Table 2. Master and slave curve design values of the simulation.

Symbol	Value	Note
Km	0.125	Master coefficient
Ks	−2	Slave coefficient
Vbus_nominal	380 V	Nominal bus voltage
PGIU.ave	100 W	Standard point value

.

In the simulation results, the GIU does not respond to the load changing and, therefore, the SIU immediately and solely covers the entire load. Thus, the battery SoC decreases through battery discharge and V_Bus changes following the master DBS curve design. In the same manner, the generation power of the GIU changes slowly and becomes saturated at a 29% SoC level. Saturating the battery SoC level takes approximately 8 s, as opposed to a calculated value of approximately 32 h at the original battery capacity.

4.2. Experimental Results

To verify the suitability of the proposed control method, short-term experimental hardware was built and tested. Because the battery capacity would otherwise overly prolong the experiment, the battery SoC level was changed artificially using an external signal.

Figure 12 shows the experimental waveforms of the step-load changing condition corresponding to those in Figure 10b. To check the bidirectional operation of the SIU, the load was changed from 1 kW to 0 W, and the GIU generated nearly 1 kW of power.

As a result, an inductor current of the SIU changed to a negative value and charged the battery with 1 kW of instantaneous power. A measured bus voltage ripple of 5.5 V well-matched with the 7.5 A peak-to-peak inductor current of the GIU with a designed bus impedance of −2.7 dB.

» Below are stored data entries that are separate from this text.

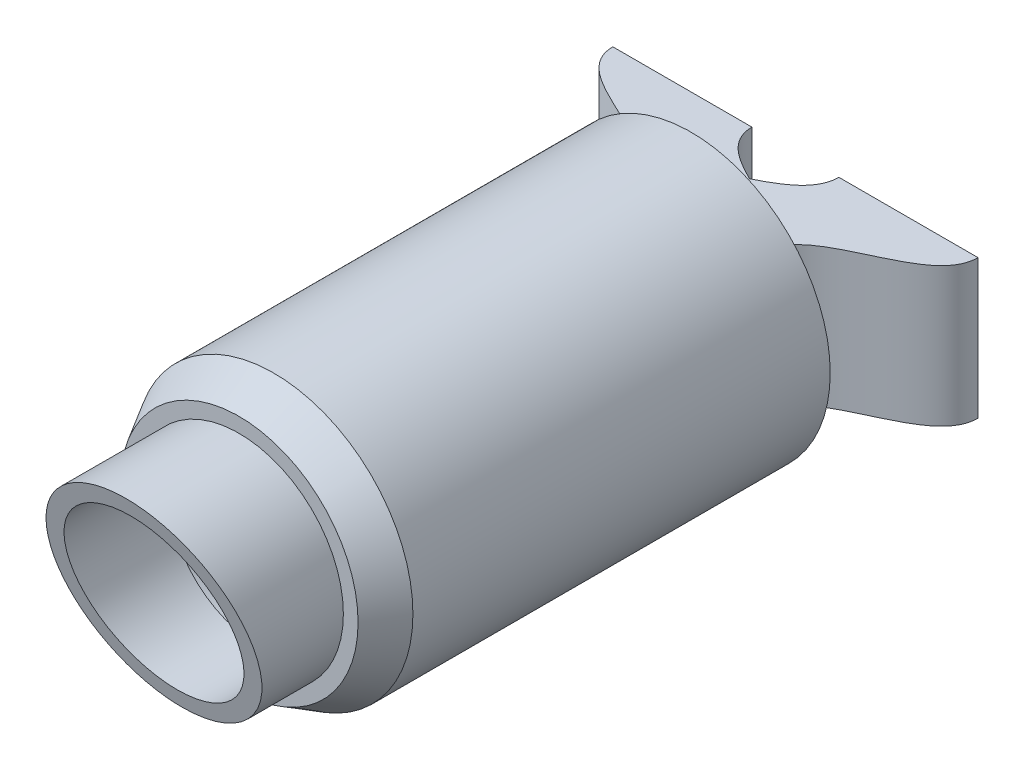
from build123d import *

# Parameters (mm, degrees)
LOFT1_START                    = -20
LOFT1_DEPTH                    = 40
SKETCH4_R                      = 40
BOSS_EXTRUDE1_DEPTH            = 130
SKETCH6_R                      = 30
BOSS_EXTRUDE2_DEPTH            = 32.5
CUT_EXTRUDE1_REACH             = 205.501
CUT_EXTRUDE1_DIRECTION_2_REACH = 205.501
SHELL1_START                   = -15
SHELL1_DEPTH                   = 30
SHELL1_START_2                 = 35
SHELL1_2_OUTLINE_R             = 35
SHELL1_2_DEPTH                 = 120
SHELL1_START_3                 = 155
SHELL1_3_OUTLINE_R             = 25
SHELL1_3_DEPTH                 = 36.160254138
CHAMFER1_SIZE                  = 10
CHAMFER1_SIZE2                 = 5.773502692


with BuildPart() as part:
    # Loft1: read off the stored shape, not the designer's step
    # Loft1 outline → Loft1 (new body)
    with BuildSketch(Plane(origin=(0, 0, 0), x_dir=(1, 0, 0), z_dir=(0, 1, 0)).offset(LOFT1_START)):
        with BuildLine():
            add(Edge.make_bspline(
                [(12.5, 0), (12.5, -14.743171677), (-20, -15.256828323), (-20, -30)],
                knots=[0, 0, 0, 0, 1, 1, 1, 1], degree=3))
            Line((-20, -30), (20, -30))
            add(Edge.make_bspline(
                [(52.5, 0), (52.5, -14.743171677), (20, -15.256828323), (20, -30)],
                knots=[0, 0, 0, 0, 1, 1, 1, 1], degree=3))
            Line((52.5, 0), (12.5, 0))
        make_face()
    loft1 = extrude(amount=LOFT1_DEPTH)

    # Mirror1: Loft1 across plane
    add(loft1.mirror(Plane(origin=(0, 0, 0), x_dir=(0, 0, 1), z_dir=(1, 0, 0))))

    # Sketch4 → Boss-Extrude1 (add)
    with BuildSketch(Plane.XY.offset(30)):
        Circle(SKETCH4_R)
    extrude(amount=BOSS_EXTRUDE1_DEPTH)

    # Sketch6 → Boss-Extrude2 (add)
    with BuildSketch(Plane.XY.offset(160)):
        Circle(SKETCH6_R)
    extrude(amount=BOSS_EXTRUDE2_DEPTH)

    # Sketch7 → Cut-Extrude1 (cut, up to next)
    with BuildSketch(Plane(origin=(0, 0, 0), x_dir=(0, 0, -1), z_dir=(1, 0, 0)), mode=Mode.PRIVATE) as cut_extrude1_sk1:
        Polygon((-192.5, 30), (-176.423048454, -30), (-192.5, -30), align=None)
    cut_extrude1_tool1 = extrude(cut_extrude1_sk1.sketch, amount=-CUT_EXTRUDE1_REACH, mode=Mode.PRIVATE) & part.part
    add(cut_extrude1_tool1.solids().sort_by_distance((0, -10, 187.141016))[0], mode=Mode.SUBTRACT)

    # Sketch7 → Cut-Extrude1 direction 2 (cut, up to next)
    with BuildSketch(Plane(origin=(0, 0, 0), x_dir=(0, 0, -1), z_dir=(1, 0, 0)), mode=Mode.PRIVATE) as cut_extrude1_direction_2_sk1:
        Polygon((-192.5, 30), (-176.423048454, -30), (-192.5, -30), align=None)
    cut_extrude1_direction_2_tool1 = extrude(cut_extrude1_direction_2_sk1.sketch, amount=CUT_EXTRUDE1_DIRECTION_2_REACH, mode=Mode.PRIVATE) & part.part
    add(cut_extrude1_direction_2_tool1.solids().sort_by_distance((0, -10, 187.141016))[0], mode=Mode.SUBTRACT)

    # Shell1: read off the stored shape, not the designer's step
    # Shell1 outline → Shell1 (cut)
    with BuildSketch(Plane(origin=(0, 0, 0), x_dir=(1, 0, 0), z_dir=(0, 1, 0)).offset(SHELL1_START)):
        with BuildLine():
            Line((47.5, 0), (17.5, 0))
            add(Edge.make_bspline(
                [(17.5, 0), (17.5, -1.506218599), (17.33399955, -2.987250563), (16.999427254, -4.425053416), (16.502786453, -5.794864031), (15.86070294, -7.067173852), (15.117084518, -8.228308405), (14.292439609, -9.294510623), (13.405573577, -10.271400977), (12.46835352, -11.173359287), (11.489787177, -12.010338652), (9.598195193, -13.470392121), (8.693632894, -14.107095997), (7.767923148, -14.708472127), (6.824629731, -15.280001305), (5.866921755, -15.826315732), (4.897910228, -16.351318437), (3.920788165, -16.858356925), (2.938878469, -17.350369773), (1.955654351, -17.829970666), (0.974757523, -18.299480071), (-3.2e-08, -18.760960517)],
                knots=[0, 0, 0, 0, 0, 0, 0, 0, 0, 0, 0, 0, 0.25, 0.25, 0.25, 0.25, 0.25, 0.25, 0.25, 0.25, 0.25, 0.25, 0.466915731, 0.466915731, 0.466915731, 0.466915731, 0.466915731, 0.466915731, 0.466915731, 0.466915731, 0.466915731, 0.466915731, 0.466915731, 0.466915731], degree=11))
            add(Edge.make_bspline(
                [(-17.5, 0), (-17.5, -1.506218599), (-17.33399955, -2.987250563), (-16.999427254, -4.425053416), (-16.502786453, -5.794864031), (-15.86070294, -7.067173852), (-15.117084518, -8.228308405), (-14.292439609, -9.294510623), (-13.405573577, -10.271400977), (-12.46835352, -11.173359287), (-11.489787177, -12.010338652), (-9.598195193, -13.470392121), (-8.693632894, -14.107095997), (-7.767923148, -14.708472127), (-6.824629731, -15.280001305), (-5.866921755, -15.826315732), (-4.897910228, -16.351318437), (-3.920788165, -16.858356925), (-2.938878469, -17.350369773), (-1.955654351, -17.829970666), (-0.974757523, -18.299480071), (-3.2e-08, -18.760960517)],
                knots=[0, 0, 0, 0, 0, 0, 0, 0, 0, 0, 0, 0, 0.25, 0.25, 0.25, 0.25, 0.25, 0.25, 0.25, 0.25, 0.25, 0.25, 0.466915731, 0.466915731, 0.466915731, 0.466915731, 0.466915731, 0.466915731, 0.466915731, 0.466915731, 0.466915731, 0.466915731, 0.466915731, 0.466915731], degree=11))
            Line((-17.5, 0), (-47.5, 0))
            add(Edge.make_bspline(
                [(-47.5, 0), (-47.5, -0.514445811), (-47.442606113, -0.954748074), (-47.343235937, -1.344982547), (-47.20786239, -1.71701478), (-47.032683037, -2.104520216), (-46.785831434, -2.534020993), (-46.453659069, -2.987849319), (-46.033568195, -3.468929964), (-45.523610975, -3.965111356), (-44.92878441, -4.472501548), (-44.254350078, -4.986036242), (-42.759882494, -6.019550229), (-41.939836626, -6.539523585), (-41.053705611, -7.059646016), (-40.109203396, -7.578354727), (-39.114184768, -8.095344655), (-38.076290995, -8.611274332), (-37.00285783, -9.127500697), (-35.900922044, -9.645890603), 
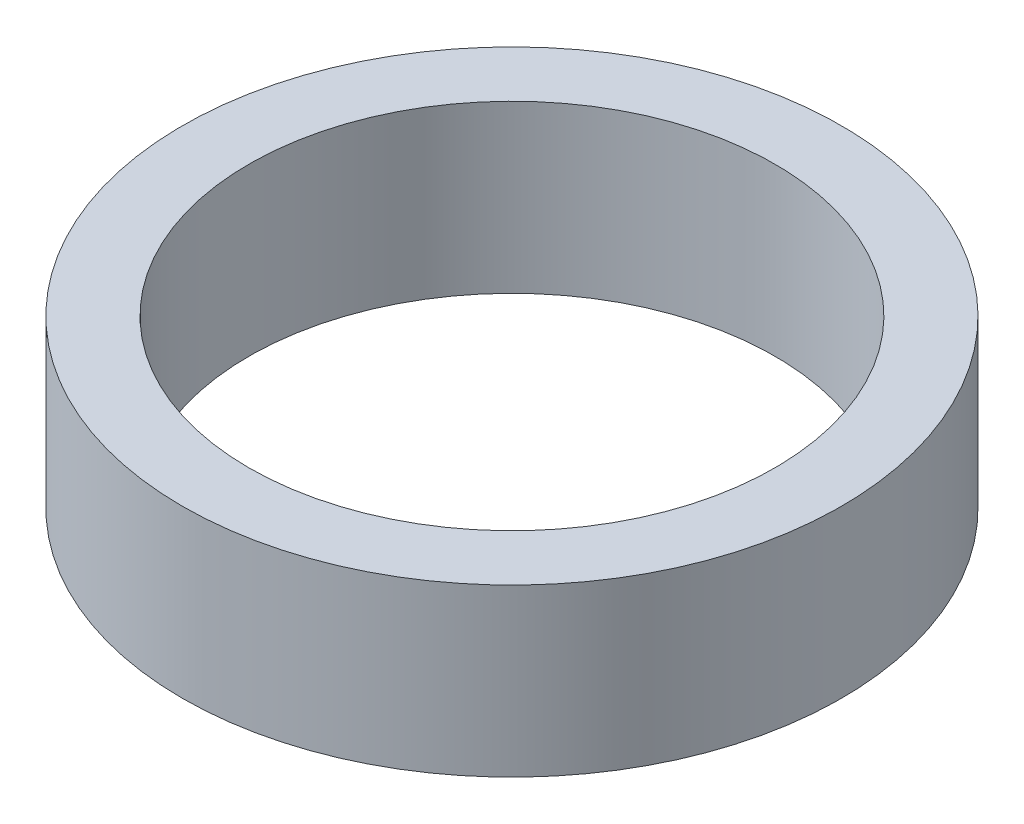
from build123d import *

# Parameters (mm, degrees)
SKETCH1_R           = 15.725
SKETCH1_R_2         = 12.55
BOSS_EXTRUDE1_DEPTH = 3.96875


with BuildPart() as part:
    # Sketch1 → Boss-Extrude1 (new, symmetric)
    with BuildSketch(Plane(origin=(0, 0, 0), x_dir=(1, 0, 0), z_dir=(0, 1, 0))):
        Circle(SKETCH1_R)
        Circle(SKETCH1_R_2, mode=Mode.SUBTRACT)
    extrude(amount=BOSS_EXTRUDE1_DEPTH, both=True)


solid = part.part
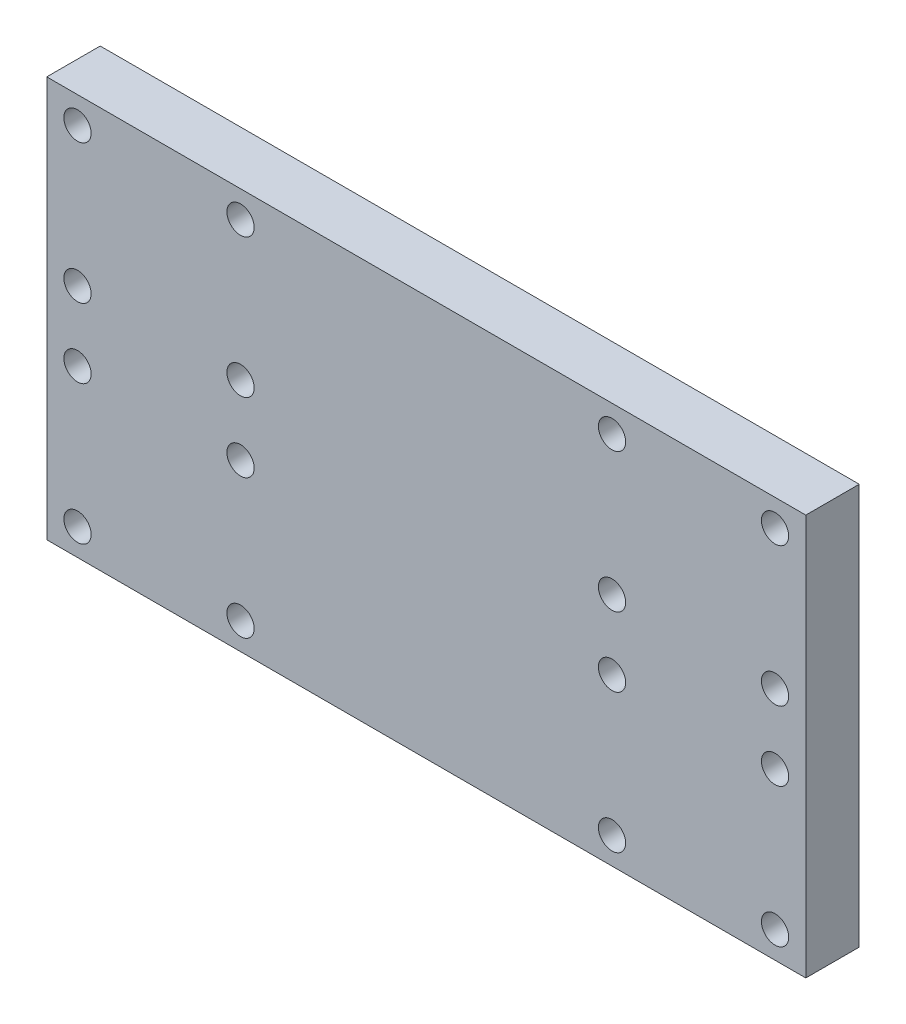
from build123d import *

# Parameters (mm, degrees)
SKETCH1_W           = 142
SKETCH1_H           = 75
BOSS_EXTRUDE1_DEPTH = 5
SKETCH2_R           = 2.55
CUT_EXTRUDE1_DEPTH  = 81.915078941


with BuildPart() as part:
    # Sketch1 → Boss-Extrude1 (new, symmetric)
    with BuildSketch(Plane.XY):
        Rectangle(SKETCH1_W, SKETCH1_H)
    extrude(amount=BOSS_EXTRUDE1_DEPTH, both=True)

    # Sketch2 → Cut-Extrude1 (cut, through all)
    with BuildSketch(Plane.XY.offset(5)):
        with Locations((-65.25, 32.5)):
            Circle(SKETCH2_R)
        with Locations((-34.75, 32.5)):
            Circle(SKETCH2_R)
        with Locations((-34.75, 6.5)):
            Circle(SKETCH2_R)
        with Locations((-65.25, 6.5)):
            Circle(SKETCH2_R)
        with Locations((65.25, 32.5)):
            Circle(SKETCH2_R)
        with Locations((65.25, 6.5)):
            Circle(SKETCH2_R)
        with Locations((34.75, 6.5)):
            Circle(SKETCH2_R)
        with Locations((34.75, 32.5)):
            Circle(SKETCH2_R)
        with Locations((-65.25, -6.5)):
            Circle(SKETCH2_R)
        with Locations((-34.75, -6.5)):
            Circle(SKETCH2_R)
        with Locations((-34.75, -32.5)):
            Circle(SKETCH2_R)
        with Locations((-65.25, -32.5)):
            Circle(SKETCH2_R)
        with Locations((34.75, -6.5)):
            Circle(SKETCH2_R)
        with Locations((65.25, -6.5)):
            Circle(SKETCH2_R)
        with Locations((65.25, -32.5)):
            Circle(SKETCH2_R)
        with Locations((34.75, -32.5)):
            Circle(SKETCH2_R)
    extrude(amount=-CUT_EXTRUDE1_DEPTH, mode=Mode.SUBTRACT)


solid = part.part
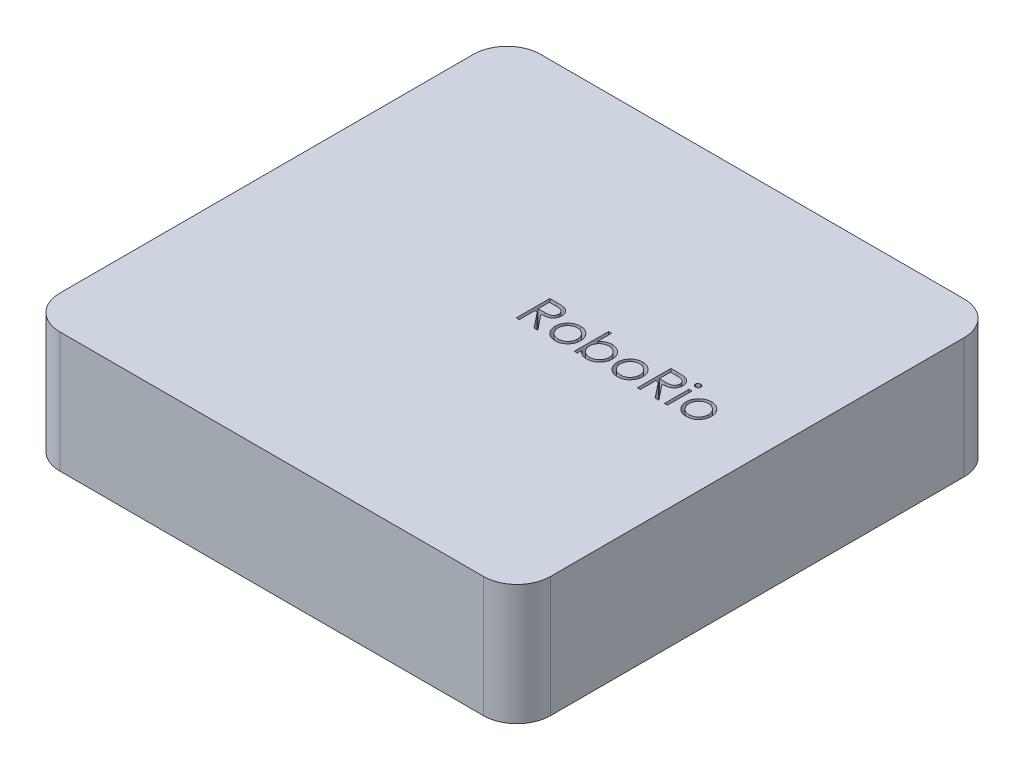
from build123d import *

# Parameters (mm, degrees)
SKETCH1_W           = 146.5
SKETCH1_H           = 143.5
BOSS_EXTRUDE1_DEPTH = 36
FILLET1_R           = 10
SKETCH2_W           = 0.897435897
SKETCH2_H           = 7.307692308
CUT_EXTRUDE1_DEPTH  = 10


with BuildPart() as part:
    # Sketch1 → Boss-Extrude1 (new body)
    with BuildSketch(Plane(origin=(0, 0, 0), x_dir=(1, 0, 0), z_dir=(0, 1, 0))):
        Rectangle(SKETCH1_W, SKETCH1_H)
    extrude(amount=BOSS_EXTRUDE1_DEPTH)

    # Fillet1
    fillet1_edges = [part.edges().sort_by_distance(p)[0] for p in [
        (73.25, 18, 71.75),
        (73.25, 18, -71.75),
        (-73.25, 18, -71.75),
        (-73.25, 18, 71.75),
    ]]
    fillet(fillet1_edges, radius=FILLET1_R)

    # Sketch2 → Cut-Extrude1 (cut)
    # profile 1 of 8: a face of its own
    with BuildSketch(Plane(origin=(0, 36, 0), x_dir=(1, 0, 0), z_dir=(0, 1, 0))):
        with BuildLine():
            Line((1.282051282, 10), (3.283253205, 10))
            add(Edge.make_bspline(
                [(3.283253205, 10), (3.416799287, 9.999555469), (3.673222556, 9.998701919), (4.040574757, 9.993942596), (4.374366463, 9.98030158), (4.674423147, 9.96856277), (4.940739304, 9.947157224), (5.174131563, 9.926698232), (5.373524985, 9.899916344), (5.494227417, 9.875043707), (5.548878205, 9.863782051)],
                knots=[0, 0, 0, 0, 1.410062039, 2.707475311, 3.878576406, 4.937260626, 5.877586885, 6.699081471, 7.410979367, 8, 8, 8, 8], degree=3))
            add(Edge.make_bspline(
                [(5.548878205, 9.863782051), (5.622039988, 9.845705579), (5.766802815, 9.809938254), (5.975231576, 9.734339395), (6.17384393, 9.646854753), (6.361814856, 9.544101266), (6.538202831, 9.425316181), (6.704826576, 9.292550117), (6.862442186, 9.146529529), (7.004675415, 8.983572839), (7.138786991, 8.812611383), (7.251897353, 8.627743506), (7.349401581, 8.434424856), (7.427031629, 8.230689377), (7.489540125, 8.018512886), (7.533615094, 7.795973467), (7.560047059, 7.564084967), (7.562738075, 7.405919513), (7.564102564, 7.325721154)],
                knots=[0, 0, 0, 0, 1.027469482, 2.033020251, 3.019912614, 3.986113645, 4.951240523, 5.91722682, 6.890402269, 7.87763091, 8.8651537, 9.85103654, 10.82876324, 11.815024772, 12.821070561, 13.842952187, 14.906261191, 16, 16, 16, 16], degree=3))
            add(Edge.make_bspline(
                [(7.564102564, 7.325721154), (7.559905427, 7.192477998), (7.551715724, 6.93248609), (7.475358285, 6.555169286), (7.350282515, 6.203199815), (7.17793026, 5.87702085), (6.958446044, 5.582990434), (6.694660927, 5.324731991), (6.386427751, 5.108617955), (6.099486848, 4.958752798), (5.846017706, 4.862773059), (5.637351098, 4.795240606), (5.409731163, 4.743063562), (5.165338778, 4.696320328), (4.903156905, 4.661029773), (4.623813935, 4.63518236), (4.327110645, 4.619027935), (4.123284733, 4.616622207), (4.018429487, 4.615384615)],
                knots=[0, 0, 0, 0, 1.260483769, 2.459530307, 3.627416485, 4.787058657, 5.939039949, 7.08810263, 8.267026773, 9.491475466, 10.141966685, 10.831826277, 11.566392101, 12.351337768, 13.187381173, 14.07005841, 15.007169909, 16, 16, 16, 16], degree=3))
            Line((4.018429487, 4.615384615), (7.692307692, 0))
            Line((7.692307692, 0), (6.582532051, 0))
            Line((6.582532051, 0), (2.908653846, 4.615384615))
            Line((2.908653846, 4.615384615), (2.179487179, 4.615384615))
            Line((2.179487179, 4.615384615), (2.179487179, 0))
            Line((2.179487179, 0), (1.282051282, 0))
            Line((1.282051282, 0), (1.282051282, 10))
        make_face()
        with BuildLine():
            Line((2.179487179, 8.974358974), (2.179487179, 5.641025641))
            Line((2.179487179, 5.641025641), (4.010416667, 5.627003205))
            add(Edge.make_bspline(
                [(4.010416667, 5.627003205), (4.095902492, 5.626965386), (4.26159837, 5.626892082), (4.501314555, 5.638302871), (4.724514874, 5.651283781), (4.930345594, 5.671139054), (5.118898667, 5.69672783), (5.290079847, 5.728736356), (5.444168567, 5.766027964), (5.623878677, 5.823746895), (5.824554481, 5.915192661), (6.042644366, 6.048236943), (6.228365331, 6.215577284), (6.385273509, 6.406930015), (6.511357599, 6.617319298), (6.600249183, 6.84422321), (6.656656161, 7.08191349), (6.663309148, 7.245279512), (6.666666667, 7.327724359)],
                knots=[0, 0, 0, 0, 1.146690395, 2.22261258, 3.21895312, 4.145990853, 4.996080663, 5.770904154, 6.481378293, 7.121626537, 8.300444488, 9.431385265, 10.535395872, 11.636531494, 12.74115979, 13.810798291, 14.895190096, 16, 16, 16, 16], degree=3))
            add(Edge.make_bspline(
                [(6.666666667, 7.327724359), (6.663232035, 7.408143141), (6.656425848, 7.567503823), (6.600857938, 7.800806424), (6.506888277, 8.02099771), (6.380253312, 8.227181953), (6.225970012, 8.414341198), (6.045061976, 8.574475921), (5.842475704, 8.706617249), (5.653129423, 8.791058336), (5.483888816, 8.842829345), (5.33694693, 8.879261242), (5.170914136, 8.908531153), (4.984984254, 8.931982755), (4.779951024, 8.952139739), (4.554777735, 8.96571625), (4.310958363, 8.973755861), (4.141967131, 8.974153258), (4.054487179, 8.974358974)],
                knots=[0, 0, 0, 0, 1.101028733, 2.181837193, 3.264309656, 4.369019818, 5.486613113, 6.575447106, 7.666700264, 8.788928104, 9.402425223, 10.0903467, 10.862060571, 11.710948788, 12.657782767, 13.684531032, 14.801375019, 16, 16, 16, 16], degree=3))
            Line((4.054487179, 8.974358974), (2.179487179, 8.974358974))
        make_face(mode=Mode.SUBTRACT)
    # profile 2 of 8: a face of its own
    with BuildSketch(Plane(origin=(0, 36, 0), x_dir=(1, 0, 0), z_dir=(0, 1, 0))):
        with BuildLine():
            add(Edge.make_bspline(
                [(13.016826923, 7.435897436), (13.153944845, 7.432977747), (13.422799581, 7.42725295), (13.816536398, 7.366067334), (14.192379644, 7.272503436), (14.551768764, 7.143156116), (14.890101037, 6.969779114), (15.212304592, 6.762895425), (15.517496045, 6.517802301), (15.700418986, 6.32820782), (15.793269231, 6.231971154)],
                knots=[0, 0, 0, 0, 1.054011418, 2.066658804, 3.057071809, 4.030435133, 4.997543892, 5.974964718, 6.972108034, 8, 8, 8, 8], degree=3))
            add(Edge.make_bspline(
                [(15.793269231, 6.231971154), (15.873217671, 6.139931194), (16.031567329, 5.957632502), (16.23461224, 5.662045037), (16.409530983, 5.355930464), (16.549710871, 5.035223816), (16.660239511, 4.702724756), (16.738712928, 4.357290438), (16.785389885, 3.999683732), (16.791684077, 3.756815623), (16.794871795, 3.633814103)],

Figure 13a shows the experimental waveforms of the proposed system when the battery SoC level is changed from 10% to 90% artificially. As shown by the red line, V_Bus changes from 375 V to 385 V as a result of the external battery SoC signal, and P_GIU changes from 1 kW to −1 kW, accordingly. The load condition does not change in this case, and I_{L_SIU} charges and discharges the battery according to I_GIU based on the dotted standard point. Figure 13b shows the same experimental result with DC voltage restoration; the bus voltage does not change, but I_GIU changes by the same amount as in Figure 13a.

5. Conclusions

A DC distribution system controlled by a communication-free master–slave-based hierarchical control method is presented in this paper. Although droop control has many drawbacks, including low frequency impedance clamping problems and a comparatively slow transient response, there has not been any previous widespread use of master–slave control in microgrid systems, owing to the communication dependency and low expandability of such systems. The proposed master–slave technique utilizes the DBS method to operate freely without communication in order to overcome these drawbacks. By replacing the droop control technique with the proposed master–slave technique, a DC distributed microgrid system can operate autonomously without distinction between grid connecting and islanding conditions. Moreover, the transient response of bus voltage is accelerated because of the presence of a high voltage bandwidth master unit. The concept and control strategies for the proposed control method were presented and analyzed in this paper, along with a voltage restoration method for more efficient and effective system design, and design considerations were discussed. The results obtained using 1 kW simulation and hardware modules operating from a 380 V DC bus demonstrate the feasibility of the proposed method.